Task details: Nothing except the pictures should be left out when you reproduce the listing exactly.

Data for analysis:
_____
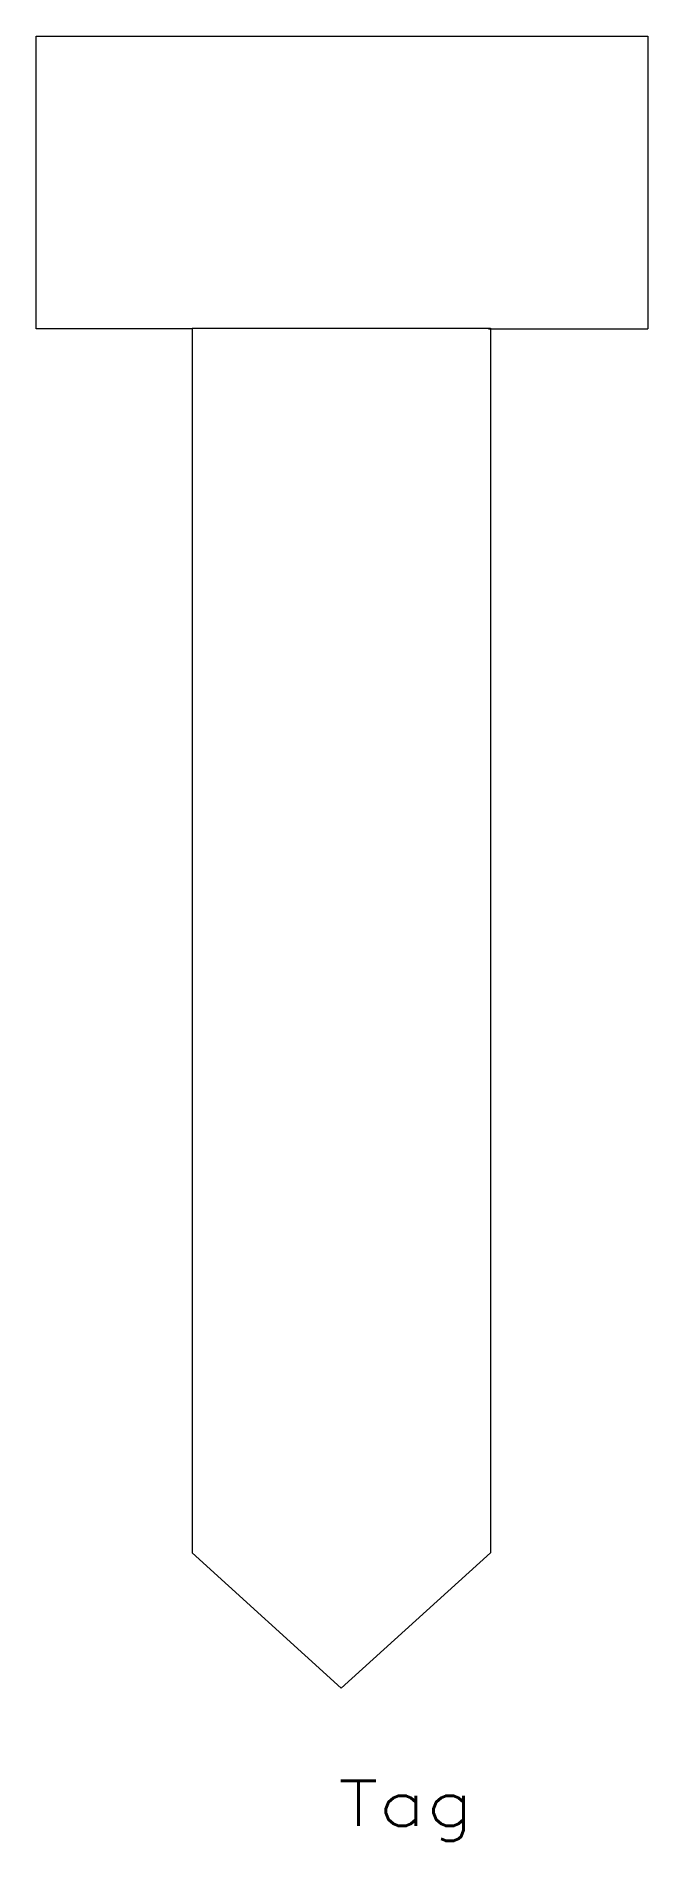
# Model space of a CAD drawing. Header units: inches. Extents: x -9.9 to 10.1, y -27.4 to 31.9.
import ezdxf
from ezdxf.enums import TextEntityAlignment as Align

# ---------------------------------------------------------------- set-up
doc = ezdxf.new("R2010")
doc.units = ezdxf.units.IN
doc.header["$MEASUREMENT"] = 0
doc.layers.get('0').update_dxf_attribs({"lineweight": 0})
doc.styles.get("Standard").update_dxf_attribs({"font": 'TXT.SHX'})

msp = doc.modelspace()

# ---------------------------------------------------------------- linework, layer by layer
at = {"color": 7, "linetype": 'Continuous', "lineweight": 0}
for p, q in [((-9.943, 22.303), (-9.943, 31.923)), ((-9.943, 31.923), (10.149, 31.923)), ((10.149, 31.923), (10.149, 22.303)), ((-4.829, 22.303), (-9.943, 22.303)), ((4.913, 22.303), (10.149, 22.303))]:
    msp.add_line(p, q, dxfattribs=at)
for p, q in [((-4.822, 22.327), (4.978, 22.327)), ((-4.822, 22.327), (-4.822, -17.915)), ((4.978, 22.327), (4.978, -17.915)), ((-4.822, -17.915), (0.078, -22.365)), ((0.078, -22.365), (4.978, -17.915))]:
    msp.add_line(p, q)

# ---------------------------------------------------------------- texts
at = {"color": 7, "linetype": 'Continuous', "width": 1.166667}
msp.add_text('Tag', height=1.4816, dxfattribs=at).set_placement((-0.019, -26.888), (4.426, -26.888), align=Align.FIT)

doc.saveas('drawing.dxf')
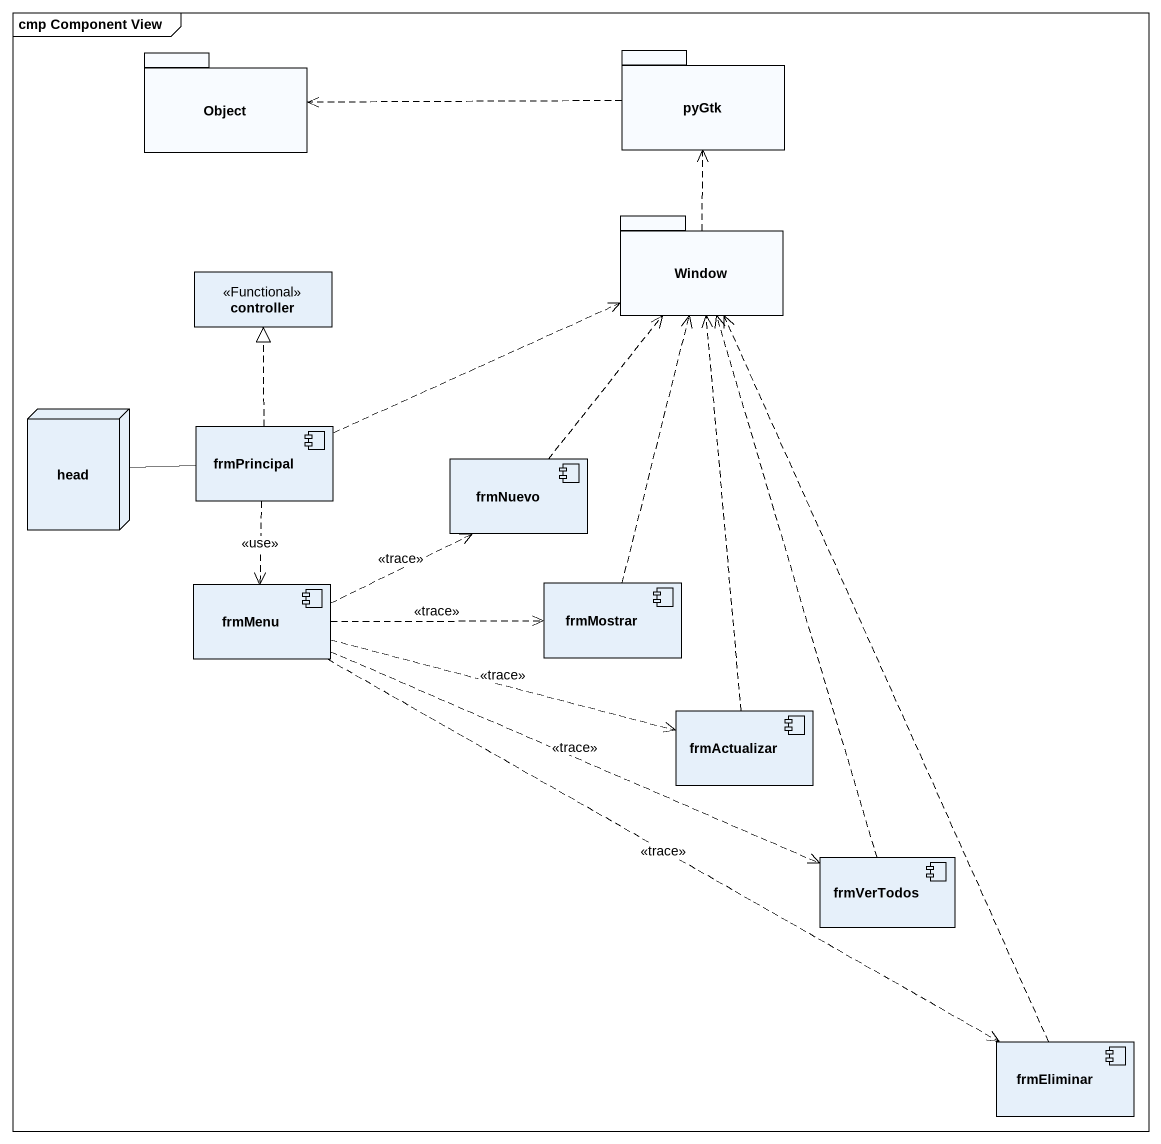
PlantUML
@startuml
mainframe cmp Component View
allowmixing
hide circle
hide empty members
package "Object" as Object_ {
}
package pyGtk {
}
package Window {
}
class controller <<Functional>>
node head
component frmPrincipal
component frmNuevo
component frmMenu
component frmMostrar
component frmActualizar
component frmVerTodos
component frmEliminar
pyGtk .left.> Object_
Window .up.> pyGtk
frmPrincipal .right.> Window
frmPrincipal .up.|> controller
frmPrincipal .up.|> controller
frmPrincipal -left- head
frmPrincipal ..> frmMenu : <<use>>
frmNuevo .up.> Window
frmMenu .right.> frmNuevo : <<trace>>
frmMenu .right.> frmMostrar : <<trace>>
frmMenu .right.> frmActualizar : <<trace>>
frmMenu .right.> frmVerTodos : <<trace>>
frmMenu .right.> frmEliminar : <<trace>>
frmMostrar .up.> Window
frmActualizar .up.> Window
frmVerTodos .up.> Window
frmEliminar .up.> Window
@enduml
_____
Exercise output:
# Model space of a CAD drawing. Header units: inches. Extents: x -9.9 to 10.1, y -27.4 to 31.9.
import ezdxf
from ezdxf.enums import TextEntityAlignment as Align

# ---------------------------------------------------------------- set-up
doc = ezdxf.new("R2010")
doc.units = ezdxf.units.IN
doc.header["$MEASUREMENT"] = 0
doc.layers.get('0').update_dxf_attribs({"lineweight": 0})
doc.styles.get("Standard").update_dxf_attribs({"font": 'TXT.SHX'})

msp = doc.modelspace()

# ---------------------------------------------------------------- linework, layer by layer
at = {"color": 7, "linetype": 'Continuous', "lineweight": 0}
for p, q in [((-9.943, 22.303), (-9.943, 31.923)), ((-9.943, 31.923), (10.149, 31.923)), ((10.149, 31.923), (10.149, 22.303)), ((-4.829, 22.303), (-9.943, 22.303)), ((4.913, 22.303), (10.149, 22.303))]:
    msp.add_line(p, q, dxfattribs=at)
for p, q in [((-4.822, 22.327), (4.978, 22.327)), ((-4.822, 22.327), (-4.822, -17.915)), ((4.978, 22.327), (4.978, -17.915)), ((-4.822, -17.915), (0.078, -22.365)), ((0.078, -22.365), (4.978, -17.915))]:
    msp.add_line(p, q)

# ---------------------------------------------------------------- texts
at = {"color": 7, "linetype": 'Continuous', "width": 1.166667}
msp.add_text('Tag', height=1.4816, dxfattribs=at).set_placement((-0.019, -26.888), (4.426, -26.888), align=Align.FIT)

doc.saveas('drawing.dxf')
PlantUML
@startuml
mainframe cmp Component View
allowmixing
hide circle
hide empty members
package "Object" as Object_ {
}
package pyGtk {
}
package Window {
}
class controller <<Functional>>
node head
component frmPrincipal
component frmNuevo
component frmMenu
component frmMostrar
component frmActualizar
component frmVerTodos
component frmEliminar
pyGtk .left.> Object_
Window .up.> pyGtk
frmPrincipal .right.> Window
frmPrincipal .up.|> controller
frmPrincipal .up.|> controller
frmPrincipal -left- head
frmPrincipal ..> frmMenu : <<use>>
frmNuevo .up.> Window
frmMenu .right.> frmNuevo : <<trace>>
frmMenu .right.> frmMostrar : <<trace>>
frmMenu .right.> frmActualizar : <<trace>>
frmMenu .right.> frmVerTodos : <<trace>>
frmMenu .right.> frmEliminar : <<trace>>
frmMostrar .up.> Window
frmActualizar .up.> Window
frmVerTodos .up.> Window
frmEliminar .up.> Window
@enduml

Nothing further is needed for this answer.